# Directions for this task
Unless a line falls after the one with "Commit message: v01.2: Updated", retype it exactly from the records below; leave out all pictures.
---------- Input records ----------
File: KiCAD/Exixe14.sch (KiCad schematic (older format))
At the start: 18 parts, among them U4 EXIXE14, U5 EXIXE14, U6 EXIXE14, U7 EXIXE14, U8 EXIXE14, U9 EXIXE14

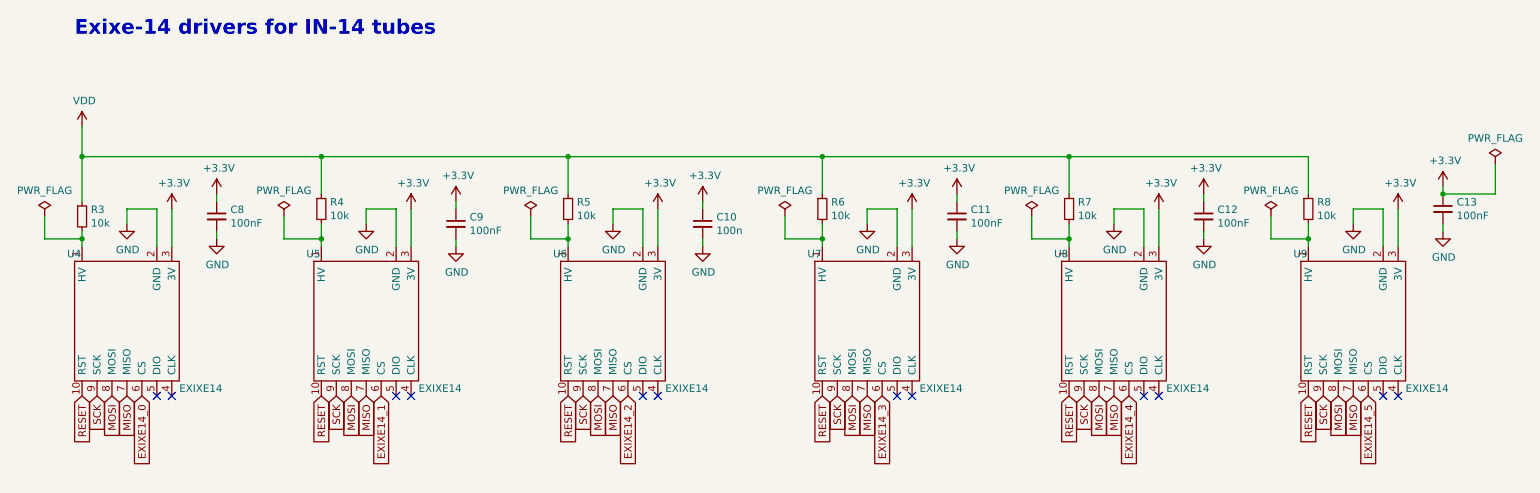
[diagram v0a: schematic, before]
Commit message: v01.2: Updated component numbers, title block, and added transistor library.
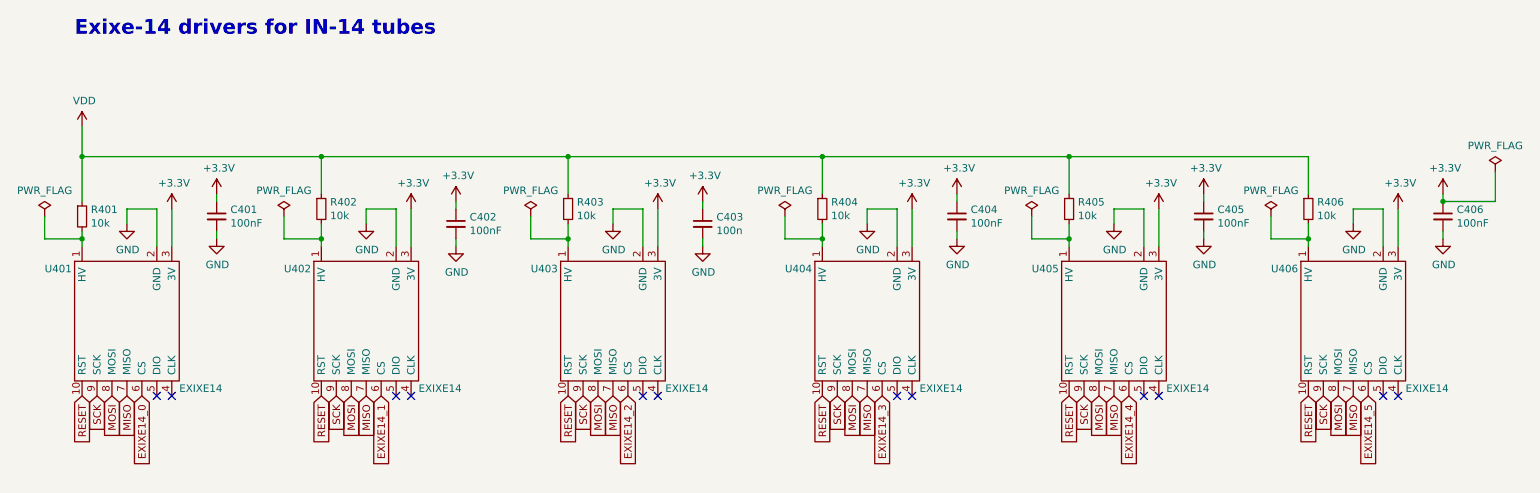
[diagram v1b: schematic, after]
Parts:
- renumbered C8 to C401, C9 to C402, C10 to C403, C11 to C404, C12 to C405, C13 to C406, R3 to R401, R4 to R402, R5 to R403, R6 to R404, R7 to R405, R8 to R406, U4 to U401, U5 to U402, U6 to U403, U7 to U404, U8 to U405, U9 to U406
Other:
- moved on the sheet: C406
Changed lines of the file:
@@
 Sheet 4 5
 Title "Nixie Tube Clock Host Board"
-Date "2021-04-20"
-Rev "v01.1"
+Date "2021-04-26"
+Rev "v01.2"
 Comp "University of Alberta (AlbertaSat)"
-Comment1 "License: CC BY 4.0 (https://creativecommons.org/licenses/by/4.0/)"
-Comment2 "Steven Knudsen (ECE dept., Faculty of Engineering, University of Alberta)."
-Comment3 "This schematic was designed with the assistance of "
-Comment4 "Author: Pundeep Hundal                   Co-author: Sichun Xu"
+Comment1 ""
+Comment2 "License: CC BY 4.0 (https://creativecommons.org/licenses/by/4.0/)"
+Comment3 "Co-author: Sichun Xu"
+Comment4 "Author: Pundeep Hundal"
 $EndDescr
 $Comp
@@
 P 1800 3600
 AR Path="/60980F67" Ref="U?"  Part="1"
-AR Path="/6091CAEB/60980F67" Ref="U4"  Part="1"
-F 0 "U4" H 1400 4050 50  0000 L CNN
+AR Path="/6091CAEB/60980F67" Ref="U401"  Part="1"
+F 0 "U401" H 1250 3950 50  0000 L CNN
 F 1 "EXIXE14" H 2150 3150 50  0000 L CNN
 F 2 "" H 1800 3300 50  0001 C CNN
@@
 P 3400 3600
 AR Path="/60980F6D" Ref="U?"  Part="1"
-AR Path="/6091CAEB/60980F6D" Ref="U5"  Part="1"
-F 0 "U5" H 3000 4050 50  0000 L CNN
+AR Path="/6091CAEB/60980F6D" Ref="U402"  Part="1"
+F 0 "U402" H 2850 3950 50  0000 L CNN
 F 1 "EXIXE14" H 3750 3150 50  0000 L CNN
 F 2 "" H 3400 3300 50  0001 C CNN
@@
 P 5050 3600
 AR Path="/60980F73" Ref="U?"  Part="1"
-AR Path="/6091CAEB/60980F73" Ref="U6"  Part="1"
-F 0 "U6" H 4650 4050 50  0000 L CNN
+AR Path="/6091CAEB/60980F73" Ref="U403"  Part="1"
+F 0 "U403" H 4500 3950 50  0000 L CNN
 F 1 "EXIXE14" H 5400 3150 50  0000 L CNN
 F 2 "" H 5050 3300 50  0001 C CNN
@@
 P 6750 3600
 AR Path="/60980F79" Ref="U?"  Part="1"
-AR Path="/6091CAEB/60980F79" Ref="U7"  Part="1"
-F 0 "U7" H 6350 4050 50  0000 L CNN
+AR Path="/6091CAEB/60980F79" Ref="U404"  Part="1"
+F 0 "U404" H 6200 3950 50  0000 L CNN
 F 1 "EXIXE14" H 7100 3150 50  0000 L CNN
 F 2 "" H 6750 3300 50  0001 C CNN
@@
 P 8400 3600
 AR Path="/60980F7F" Ref="U?"  Part="1"
-AR Path="/6091CAEB/60980F7F" Ref="U8"  Part="1"
-F 0 "U8" H 8000 4050 50  0000 L CNN
+AR Path="/6091CAEB/60980F7F" Ref="U405"  Part="1"
+F 0 "U405" H 7850 3950 50  0000 L CNN
 F 1 "EXIXE14" H 8750 3150 50  0000 L CNN
 F 2 "" H 8400 3300 50  0001 C CNN
@@
 P 10000 3600
 AR Path="/60980F85" Ref="U?"  Part="1"
-AR Path="/6091CAEB/60980F85" Ref="U9"  Part="1"
-F 0 "U9" H 9600 4050 50  0000 L CNN
+AR Path="/6091CAEB/60980F85" Ref="U406"  Part="1"
+F 0 "U406" H 9450 3950 50  0000 L CNN
 F 1 "EXIXE14" H 10350 3150 50  0000 L CNN
 F 2 "" H 10000 3300 50  0001 C CNN
@@
 P 2400 2900
 AR Path="/60981009" Ref="C?"  Part="1"
-AR Path="/6091CAEB/60981009" Ref="C8"  Part="1"
-F 0 "C8" H 2492 2946 50  0000 L CNN
+AR Path="/6091CAEB/60981009" Ref="C401"  Part="1"
+F 0 "C401" H 2492 2946 50  0000 L CNN
 F 1 "100nF" H 2492 2855 50  0000 L CNN
 F 2 "" H 2400 2900 50  0001 C CNN
@@
 P 4000 2950
 AR Path="/60981017" Ref="C?"  Part="1"
-AR Path="/6091CAEB/60981017" Ref="C9"  Part="1"
-F 0 "C9" H 4092 2996 50  0000 L CNN
+AR Path="/6091CAEB/60981017" Ref="C402"  Part="1"
+F 0 "C402" H 4092 2996 50  0000 L CNN
 F 1 "100nF" H 4092 2905 50  0000 L CNN
 F 2 "" H 4000 2950 50  0001 C CNN
@@
 P 5650 2950
 AR Path="/6098101D" Ref="C?"  Part="1"
-AR Path="/6091CAEB/6098101D" Ref="C10"  Part="1"
-F 0 "C10" H 5742 2996 50  0000 L CNN
+AR Path="/6091CAEB/6098101D" Ref="C403"  Part="1"
+F 0 "C403" H 5742 2996 50  0000 L CNN
 F 1 "100n" H 5742 2905 50  0000 L CNN
 F 2 "" H 5650 2950 50  0001 C CNN
@@
 P 7350 2900
 AR Path="/60981023" Ref="C?"  Part="1"
-AR Path="/6091CAEB/60981023" Ref="C11"  Part="1"
-F 0 "C11" H 7442 2946 50  0000 L CNN
+AR Path="/6091CAEB/60981023" Ref="C404"  Part="1"
+F 0 "C404" H 7442 2946 50  0000 L CNN
 F 1 "100nF" H 7442 2855 50  0000 L CNN
 F 2 "" H 7350 2900 50  0001 C CNN
@@
 P 9000 2900
 AR Path="/60981029" Ref="C?"  Part="1"
-AR Path="/6091CAEB/60981029" Ref="C12"  Part="1"
-F 0 "C12" H 9092 2946 50  0000 L CNN
+AR Path="/6091CAEB/60981029" Ref="C405"  Part="1"
+F 0 "C405" H 9092 2946 50  0000 L CNN
 F 1 "100nF" H 9092 2855 50  0000 L CNN
 F 2 "" H 9000 2900 50  0001 C CNN
@@
 L Device:C_Small C?
 U 1 1 6098102F
-P 10600 2850
+P 10600 2900
 AR Path="/6098102F" Ref="C?"  Part="1"
-AR Path="/6091CAEB/6098102F" Ref="C13"  Part="1"
-F 0 "C13" H 10692 2896 50  0000 L CNN
-F 1 "100nF" H 10692 2805 50  0000 L CNN
-F 2 "" H 10600 2850 50  0001 C CNN
-F 3 "~" H 10600 2850 50  0001 C CNN
-	1    10600 2850
+AR Path="/6091CAEB/6098102F" Ref="C406"  Part="1"
+F 0 "C406" H 10692 2946 50  0000 L CNN
+F 1 "100nF" H 10692 2855 50  0000 L CNN
+F 2 "" H 10600 2900 50  0001 C CNN
+F 3 "~" H 10600 2900 50  0001 C CNN
+	1    10600 2900
 	1    0    0    -1
 $EndComp
@@
 L power:+3.3V #PWR?
 U 1 1 6098106D
-P 10600 2700
+P 10600 2750
 AR Path="/6098106D" Ref="#PWR?"  Part="1"
 AR Path="/6091CAEB/6098106D" Ref="#PWR048"  Part="1"
-F 0 "#PWR048" H 10600 2550 50  0001 C CNN
-F 1 "+3.3V" H 10615 2873 50  0000 C CNN
-F 2 "" H 10600 2700 50  0001 C CNN
-F 3 "" H 10600 2700 50  0001 C CNN
-	1    10600 2700
-	1    0    0    -1
-$EndComp
-Wire Wire Line
-	10600 2700 10600 2750
+F 0 "#PWR048" H 10600 2600 50  0001 C CNN
+F 1 "+3.3V" H 10615 2923 50  0000 C CNN
+F 2 "" H 10600 2750 50  0001 C CNN
+F 3 "" H 10600 2750 50  0001 C CNN
+	1    10600 2750
+	1    0    0    -1
+$EndComp
+Wire Wire Line
+	10600 2750 10600 2800
 $Comp
 L power:GND #PWR?
 U 1 1 60981074
-P 10600 3000
+P 10600 3050
 AR Path="/60981074" Ref="#PWR?"  Part="1"
 AR Path="/6091CAEB/60981074" Ref="#PWR049"  Part="1"
-F 0 "#PWR049" H 10600 2750 50  0001 C CNN
-F 1 "GND" H 10605 2827 50  0000 C CNN
-F 2 "" H 10600 3000 50  0001 C CNN
-F 3 "" H 10600 3000 50  0001 C CNN
-	1    10600 3000
-	1    0    0    -1
-$EndComp
-Wire Wire Line
-	10600 3000 10600 2950
+F 0 "#PWR049" H 10600 2800 50  0001 C CNN
+F 1 "GND" H 10605 2877 50  0000 C CNN
+F 2 "" H 10600 3050 50  0001 C CNN
+F 3 "" H 10600 3050 50  0001 C CNN
+	1    10600 3050
+	1    0    0    -1
+$EndComp
+Wire Wire Line
+	10600 3050 10600 3000
 $Comp
 L Device:R_Small R?
@@
 P 3100 2850
 AR Path="/6098107B" Ref="R?"  Part="1"
-AR Path="/6091CAEB/6098107B" Ref="R4"  Part="1"
-F 0 "R4" H 3159 2896 50  0000 L CNN
+AR Path="/6091CAEB/6098107B" Ref="R402"  Part="1"
+F 0 "R402" H 3159 2896 50  0000 L CNN
 F 1 "10k" H 3159 2805 50  0000 L CNN
 F 2 "" H 3100 2850 50  0001 C CNN
@@
 P 4750 2850
 AR Path="/60981082" Ref="R?"  Part="1"
-AR Path="/6091CAEB/60981082" Ref="R5"  Part="1"
-F 0 "R5" H 4809 2896 50  0000 L CNN
+AR Path="/6091CAEB/60981082" Ref="R403"  Part="1"
+F 0 "R403" H 4809 2896 50  0000 L CNN
 F 1 "10k" H 4809 2805 50  0000 L CNN
 F 2 "" H 4750 2850 50  0001 C CNN
@@
 P 8100 2850
 AR Path="/60981089" Ref="R?"  Part="1"
-AR Path="/6091CAEB/60981089" Ref="R7"  Part="1"
-F 0 "R7" H 8159 2896 50  0000 L CNN
+AR Path="/6091CAEB/60981089" Ref="R405"  Part="1"
+F 0 "R405" H 8159 2896 50  0000 L CNN
 F 1 "10k" H 8159 2805 50  0000 L CNN
 F 2 "" H 8100 2850 50  0001 C CNN
@@
 P 1500 2900
 AR Path="/60981090" Ref="R?"  Part="1"
-AR Path="/6091CAEB/60981090" Ref="R3"  Part="1"
-F 0 "R3" H 1559 2946 50  0000 L CNN
+AR Path="/6091CAEB/60981090" Ref="R401"  Part="1"
+F 0 "R401" H 1559 2946 50  0000 L CNN
 F 1 "10k" H 1559 2855 50  0000 L CNN
 F 2 "" H 1500 2900 50  0001 C CNN
@@
 P 9700 2850
 AR Path="/60981096" Ref="R?"  Part="1"
-AR Path="/6091CAEB/60981096" Ref="R8"  Part="1"
-F 0 "R8" H 9759 2896 50  0000 L CNN
+AR Path="/6091CAEB/60981096" Ref="R406"  Part="1"
+F 0 "R406" H 9759 2896 50  0000 L CNN
 F 1 "10k" H 9759 2805 50  0000 L CNN
 F 2 "" H 9700 2850 50  0001 C CNN
@@
 P 6450 2850
 AR Path="/6098109C" Ref="R?"  Part="1"
-AR Path="/6091CAEB/6098109C" Ref="R6"  Part="1"
-F 0 "R6" H 6509 2896 50  0000 L CNN
+AR Path="/6091CAEB/6098109C" Ref="R404"  Part="1"
+F 0 "R404" H 6509 2896 50  0000 L CNN
 F 1 "10k" H 6509 2805 50  0000 L CNN
 F 2 "" H 6450 2850 50  0001 C CNN
@@
 L power:PWR_FLAG #FLG0103
 U 1 1 60A6FB0C
-P 10950 2550
-F 0 "#FLG0103" H 10950 2625 50  0001 C CNN
-F 1 "PWR_FLAG" H 10950 2723 50  0000 C CNN
-F 2 "" H 10950 2550 50  0001 C CNN
-F 3 "~" H 10950 2550 50  0001 C CNN
-	1    10950 2550
-	1    0    0    -1
-$EndComp
-Wire Wire Line
-	10950 2550 10950 2750
-Wire Wire Line
-	10950 2750 10600 2750
-Connection ~ 10600 2750
+P 10950 2600
+F 0 "#FLG0103" H 10950 2675 50  0001 C CNN
+F 1 "PWR_FLAG" H 10950 2773 50  0000 C CNN
+F 2 "" H 10950 2600 50  0001 C CNN
+F 3 "~" H 10950 2600 50  0001 C CNN
+	1    10950 2600
+	1    0    0    -1
+$EndComp
+Wire Wire Line
+	10950 2600 10950 2800
+Wire Wire Line
+	10950 2800 10600 2800
+Connection ~ 10600 2800
 $EndSCHEMATC
----------
# Written response
File: KiCAD/Exixe14.sch (KiCad schematic (older format))
At the start: 18 parts, among them U4 EXIXE14, U5 EXIXE14, U6 EXIXE14, U7 EXIXE14, U8 EXIXE14, U9 EXIXE14

[diagram v0a: schematic, before]
Commit message: v01.2: Updated component numbers, title block, and added transistor library.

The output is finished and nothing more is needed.